◆ WORK TO BE COMPLETED: Which lines of the data contain the string "that"? Copy every one.

____

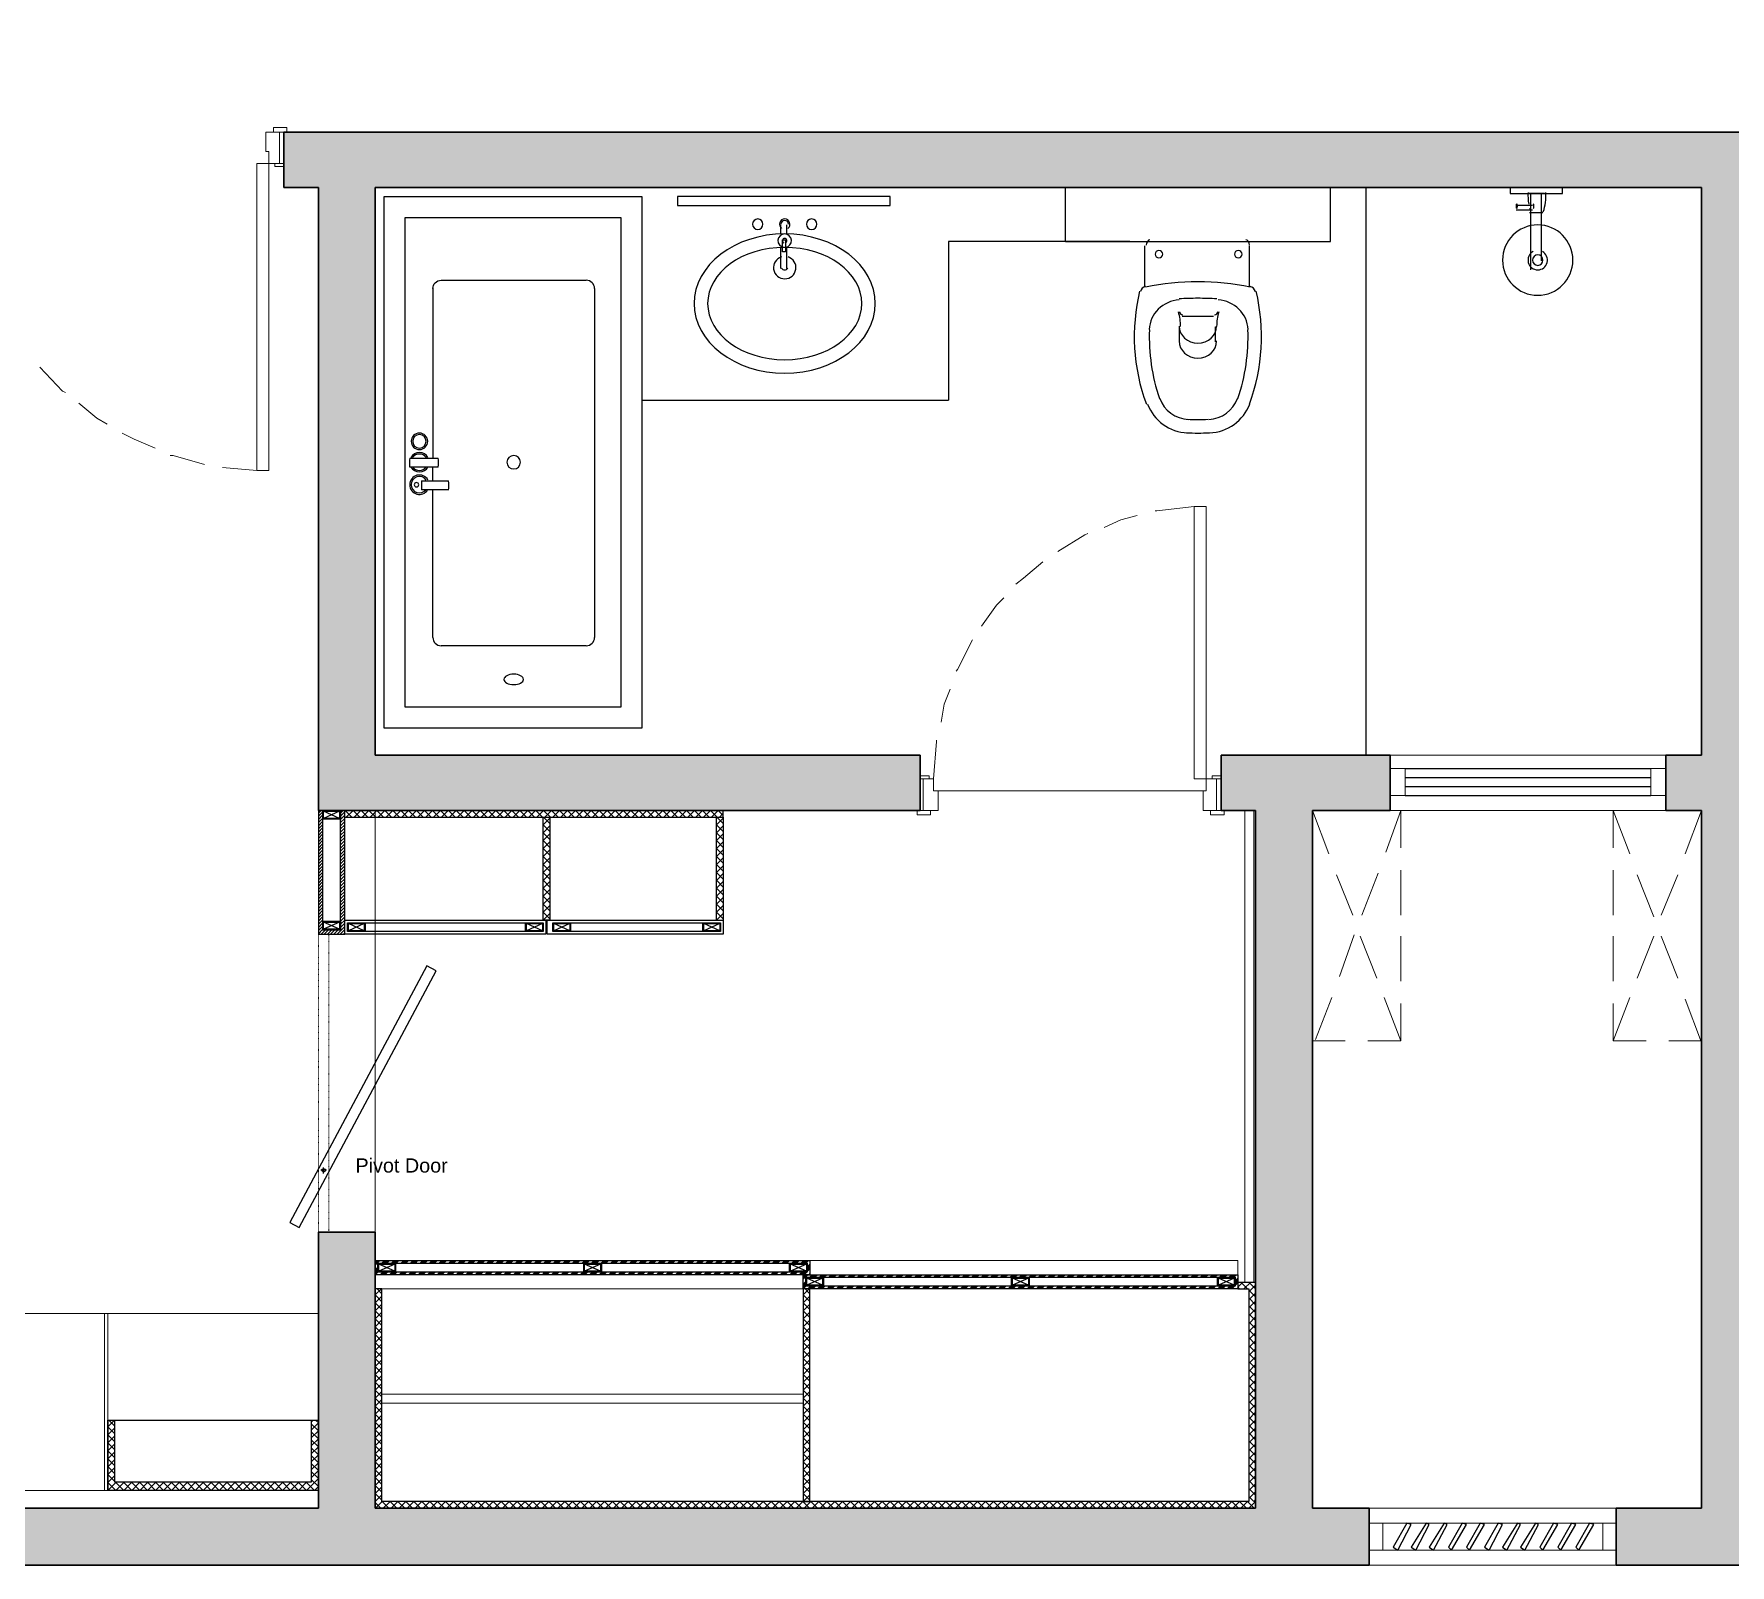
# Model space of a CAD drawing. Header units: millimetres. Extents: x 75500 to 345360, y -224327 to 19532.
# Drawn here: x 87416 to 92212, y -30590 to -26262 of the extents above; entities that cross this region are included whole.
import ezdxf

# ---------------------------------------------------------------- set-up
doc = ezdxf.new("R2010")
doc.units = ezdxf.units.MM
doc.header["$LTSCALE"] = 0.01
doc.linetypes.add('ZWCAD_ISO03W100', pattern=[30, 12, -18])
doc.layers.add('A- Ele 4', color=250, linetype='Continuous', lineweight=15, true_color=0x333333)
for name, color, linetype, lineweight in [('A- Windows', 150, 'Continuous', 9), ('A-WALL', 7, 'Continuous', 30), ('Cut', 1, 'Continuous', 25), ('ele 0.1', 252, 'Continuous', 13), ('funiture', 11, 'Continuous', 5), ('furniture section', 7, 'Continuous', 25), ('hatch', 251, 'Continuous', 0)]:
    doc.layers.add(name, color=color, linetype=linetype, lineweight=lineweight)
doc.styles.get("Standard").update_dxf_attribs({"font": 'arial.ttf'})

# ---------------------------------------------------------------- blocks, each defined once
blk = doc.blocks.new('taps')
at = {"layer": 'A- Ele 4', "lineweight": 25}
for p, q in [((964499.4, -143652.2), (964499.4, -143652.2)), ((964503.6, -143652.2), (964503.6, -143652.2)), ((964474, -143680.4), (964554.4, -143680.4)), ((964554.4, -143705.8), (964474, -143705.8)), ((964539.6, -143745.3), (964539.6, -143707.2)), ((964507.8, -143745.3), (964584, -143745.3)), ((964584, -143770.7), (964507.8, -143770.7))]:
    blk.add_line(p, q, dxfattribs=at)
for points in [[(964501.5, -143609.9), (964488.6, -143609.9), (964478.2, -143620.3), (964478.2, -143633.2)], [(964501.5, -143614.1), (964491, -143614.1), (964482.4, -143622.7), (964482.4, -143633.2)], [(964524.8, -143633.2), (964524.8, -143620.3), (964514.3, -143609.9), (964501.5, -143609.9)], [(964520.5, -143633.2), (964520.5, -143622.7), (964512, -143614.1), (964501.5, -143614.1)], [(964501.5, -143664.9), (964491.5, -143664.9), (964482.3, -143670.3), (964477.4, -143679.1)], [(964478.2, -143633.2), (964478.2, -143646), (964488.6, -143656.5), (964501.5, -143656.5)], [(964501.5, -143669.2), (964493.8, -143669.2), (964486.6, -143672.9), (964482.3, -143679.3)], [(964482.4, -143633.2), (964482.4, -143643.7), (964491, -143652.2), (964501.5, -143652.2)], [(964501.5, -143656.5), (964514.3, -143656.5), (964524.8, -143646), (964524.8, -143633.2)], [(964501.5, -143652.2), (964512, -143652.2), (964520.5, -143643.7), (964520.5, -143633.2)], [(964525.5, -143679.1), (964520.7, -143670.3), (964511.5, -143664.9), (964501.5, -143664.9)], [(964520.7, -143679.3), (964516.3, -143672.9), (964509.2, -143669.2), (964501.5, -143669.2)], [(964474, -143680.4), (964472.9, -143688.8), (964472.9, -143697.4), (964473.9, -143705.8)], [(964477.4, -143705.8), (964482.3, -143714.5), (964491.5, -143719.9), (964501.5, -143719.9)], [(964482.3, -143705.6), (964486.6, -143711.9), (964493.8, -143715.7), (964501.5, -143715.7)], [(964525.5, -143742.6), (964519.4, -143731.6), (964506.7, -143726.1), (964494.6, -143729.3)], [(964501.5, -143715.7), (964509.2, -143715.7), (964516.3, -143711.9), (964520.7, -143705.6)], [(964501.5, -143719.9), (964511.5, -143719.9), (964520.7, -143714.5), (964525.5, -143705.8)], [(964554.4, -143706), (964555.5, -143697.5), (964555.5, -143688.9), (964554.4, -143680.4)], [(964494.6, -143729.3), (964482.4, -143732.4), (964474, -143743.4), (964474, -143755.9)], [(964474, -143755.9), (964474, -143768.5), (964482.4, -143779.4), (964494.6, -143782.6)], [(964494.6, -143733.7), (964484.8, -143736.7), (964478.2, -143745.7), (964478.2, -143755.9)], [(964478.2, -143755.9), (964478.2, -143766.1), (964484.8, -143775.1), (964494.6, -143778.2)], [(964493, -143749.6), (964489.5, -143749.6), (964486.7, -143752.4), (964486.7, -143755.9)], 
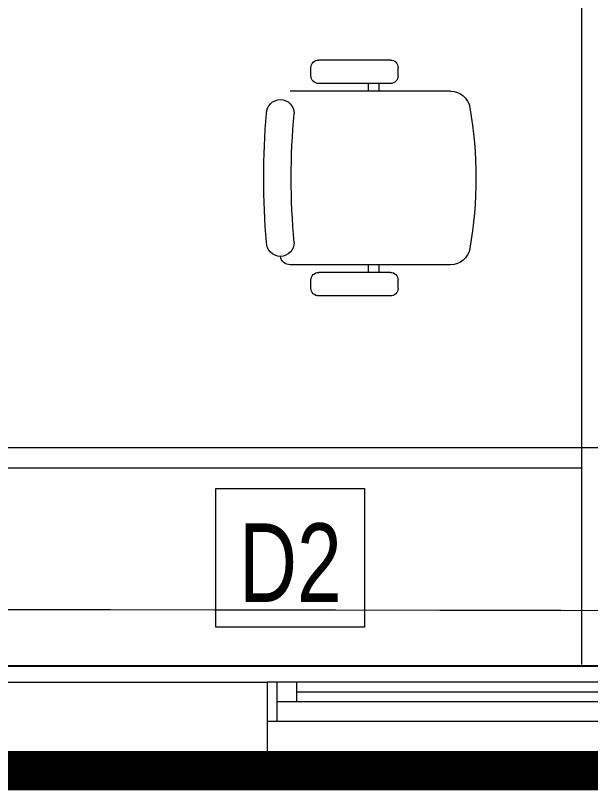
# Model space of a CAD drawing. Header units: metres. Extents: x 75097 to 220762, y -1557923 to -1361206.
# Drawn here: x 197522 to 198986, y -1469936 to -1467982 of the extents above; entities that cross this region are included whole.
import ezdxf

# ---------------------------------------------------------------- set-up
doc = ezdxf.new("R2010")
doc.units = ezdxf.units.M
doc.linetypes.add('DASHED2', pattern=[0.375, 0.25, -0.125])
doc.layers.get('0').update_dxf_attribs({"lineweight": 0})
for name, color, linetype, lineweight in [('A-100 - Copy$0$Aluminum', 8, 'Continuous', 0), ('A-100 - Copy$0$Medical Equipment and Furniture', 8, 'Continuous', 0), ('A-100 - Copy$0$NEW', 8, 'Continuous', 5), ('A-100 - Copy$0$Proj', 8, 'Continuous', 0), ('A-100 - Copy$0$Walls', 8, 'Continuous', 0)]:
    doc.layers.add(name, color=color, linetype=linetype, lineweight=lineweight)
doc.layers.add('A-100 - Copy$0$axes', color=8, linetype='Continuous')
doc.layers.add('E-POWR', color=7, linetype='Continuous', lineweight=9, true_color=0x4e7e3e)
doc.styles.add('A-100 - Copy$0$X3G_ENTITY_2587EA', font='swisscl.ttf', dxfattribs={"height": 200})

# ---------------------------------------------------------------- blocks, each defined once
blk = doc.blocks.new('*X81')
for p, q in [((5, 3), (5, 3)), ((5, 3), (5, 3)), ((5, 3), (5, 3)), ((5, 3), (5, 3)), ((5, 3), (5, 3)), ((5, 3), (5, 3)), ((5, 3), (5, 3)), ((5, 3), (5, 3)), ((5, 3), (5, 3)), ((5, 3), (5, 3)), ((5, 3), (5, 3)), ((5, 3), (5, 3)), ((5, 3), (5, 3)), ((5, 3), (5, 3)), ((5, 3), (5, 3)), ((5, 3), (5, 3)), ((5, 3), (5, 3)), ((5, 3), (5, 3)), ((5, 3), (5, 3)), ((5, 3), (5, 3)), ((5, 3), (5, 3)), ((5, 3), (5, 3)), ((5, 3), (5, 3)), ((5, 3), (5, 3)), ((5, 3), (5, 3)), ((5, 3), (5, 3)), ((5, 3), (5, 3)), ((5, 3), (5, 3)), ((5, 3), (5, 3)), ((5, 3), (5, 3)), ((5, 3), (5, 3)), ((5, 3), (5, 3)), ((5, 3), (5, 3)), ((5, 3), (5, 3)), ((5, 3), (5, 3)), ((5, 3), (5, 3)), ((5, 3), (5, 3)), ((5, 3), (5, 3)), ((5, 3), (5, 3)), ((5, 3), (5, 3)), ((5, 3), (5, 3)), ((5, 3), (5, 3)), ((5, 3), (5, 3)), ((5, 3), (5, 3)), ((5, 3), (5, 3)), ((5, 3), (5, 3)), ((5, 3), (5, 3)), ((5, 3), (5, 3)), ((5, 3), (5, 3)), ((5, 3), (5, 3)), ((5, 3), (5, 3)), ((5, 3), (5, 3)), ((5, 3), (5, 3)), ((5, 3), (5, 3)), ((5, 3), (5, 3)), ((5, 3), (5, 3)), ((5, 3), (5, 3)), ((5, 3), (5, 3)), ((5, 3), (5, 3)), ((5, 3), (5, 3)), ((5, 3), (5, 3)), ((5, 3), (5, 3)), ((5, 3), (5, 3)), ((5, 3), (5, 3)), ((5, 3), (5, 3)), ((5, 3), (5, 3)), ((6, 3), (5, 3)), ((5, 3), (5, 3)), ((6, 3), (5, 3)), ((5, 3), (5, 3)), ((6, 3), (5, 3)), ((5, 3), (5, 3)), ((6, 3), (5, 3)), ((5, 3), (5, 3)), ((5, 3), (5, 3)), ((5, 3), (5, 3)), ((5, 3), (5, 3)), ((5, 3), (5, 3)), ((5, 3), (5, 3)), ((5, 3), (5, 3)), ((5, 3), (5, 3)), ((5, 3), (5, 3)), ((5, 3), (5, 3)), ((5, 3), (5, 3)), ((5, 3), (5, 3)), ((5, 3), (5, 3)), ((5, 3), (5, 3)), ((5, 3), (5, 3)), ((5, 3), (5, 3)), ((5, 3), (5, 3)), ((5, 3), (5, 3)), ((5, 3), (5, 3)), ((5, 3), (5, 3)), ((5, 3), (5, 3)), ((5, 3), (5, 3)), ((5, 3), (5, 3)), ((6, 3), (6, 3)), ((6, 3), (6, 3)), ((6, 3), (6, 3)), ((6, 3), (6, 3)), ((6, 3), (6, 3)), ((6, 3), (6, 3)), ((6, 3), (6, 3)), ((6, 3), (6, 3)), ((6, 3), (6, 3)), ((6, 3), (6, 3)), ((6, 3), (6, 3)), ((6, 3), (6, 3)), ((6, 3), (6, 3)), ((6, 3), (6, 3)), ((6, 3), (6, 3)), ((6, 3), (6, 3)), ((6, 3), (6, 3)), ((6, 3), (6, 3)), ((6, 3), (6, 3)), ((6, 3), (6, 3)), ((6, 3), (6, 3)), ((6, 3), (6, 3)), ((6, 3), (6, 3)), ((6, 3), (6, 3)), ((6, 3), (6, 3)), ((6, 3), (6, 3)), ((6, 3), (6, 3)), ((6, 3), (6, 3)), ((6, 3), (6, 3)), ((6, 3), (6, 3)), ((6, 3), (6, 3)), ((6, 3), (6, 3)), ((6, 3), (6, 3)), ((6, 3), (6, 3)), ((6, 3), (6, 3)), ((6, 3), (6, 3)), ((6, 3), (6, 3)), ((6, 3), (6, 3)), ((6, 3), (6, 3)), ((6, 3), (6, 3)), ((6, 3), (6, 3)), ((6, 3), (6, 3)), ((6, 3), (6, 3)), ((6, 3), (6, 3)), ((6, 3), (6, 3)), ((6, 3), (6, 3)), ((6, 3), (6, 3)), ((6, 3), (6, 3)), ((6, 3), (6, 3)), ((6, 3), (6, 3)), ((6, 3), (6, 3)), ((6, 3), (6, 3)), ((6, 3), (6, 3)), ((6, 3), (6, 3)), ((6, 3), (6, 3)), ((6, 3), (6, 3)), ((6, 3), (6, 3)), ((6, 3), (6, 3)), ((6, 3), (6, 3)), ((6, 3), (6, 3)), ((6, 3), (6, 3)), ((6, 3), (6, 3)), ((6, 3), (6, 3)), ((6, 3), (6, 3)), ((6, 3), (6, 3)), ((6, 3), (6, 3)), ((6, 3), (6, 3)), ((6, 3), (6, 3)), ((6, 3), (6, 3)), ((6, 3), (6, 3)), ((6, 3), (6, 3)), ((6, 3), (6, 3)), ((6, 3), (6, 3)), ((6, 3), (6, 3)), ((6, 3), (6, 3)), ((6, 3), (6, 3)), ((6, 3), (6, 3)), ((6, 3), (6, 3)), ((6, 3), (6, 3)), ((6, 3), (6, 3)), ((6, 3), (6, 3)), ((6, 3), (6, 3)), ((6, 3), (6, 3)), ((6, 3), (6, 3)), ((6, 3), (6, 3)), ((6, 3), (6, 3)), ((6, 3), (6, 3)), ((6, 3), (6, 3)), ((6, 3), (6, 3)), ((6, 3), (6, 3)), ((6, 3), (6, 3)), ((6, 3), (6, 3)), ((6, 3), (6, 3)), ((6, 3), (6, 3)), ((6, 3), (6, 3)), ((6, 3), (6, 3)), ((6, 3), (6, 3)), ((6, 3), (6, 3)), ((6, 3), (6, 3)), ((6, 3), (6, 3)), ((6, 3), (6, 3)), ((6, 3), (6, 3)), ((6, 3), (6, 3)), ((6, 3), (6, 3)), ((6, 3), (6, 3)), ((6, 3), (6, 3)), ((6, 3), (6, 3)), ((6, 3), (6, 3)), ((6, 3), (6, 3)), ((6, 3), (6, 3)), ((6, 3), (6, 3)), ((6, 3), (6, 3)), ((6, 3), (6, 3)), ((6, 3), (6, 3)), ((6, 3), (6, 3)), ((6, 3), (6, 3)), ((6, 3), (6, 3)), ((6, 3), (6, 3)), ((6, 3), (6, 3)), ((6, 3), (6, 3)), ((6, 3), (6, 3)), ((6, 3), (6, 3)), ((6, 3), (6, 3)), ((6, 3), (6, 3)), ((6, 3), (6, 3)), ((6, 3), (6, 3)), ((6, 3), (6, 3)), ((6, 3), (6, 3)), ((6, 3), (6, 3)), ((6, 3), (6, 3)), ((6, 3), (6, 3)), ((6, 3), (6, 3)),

____

◆ PROBLEM SOLUTION:
# Drawn here: x 87416 to 92212, y -30590 to -26262 of the extents above; entities that cross this region are included whole.
# Drawn here: x 197522 to 198986, y -1469936 to -1467982 of the extents above; entities that cross this region are included whole.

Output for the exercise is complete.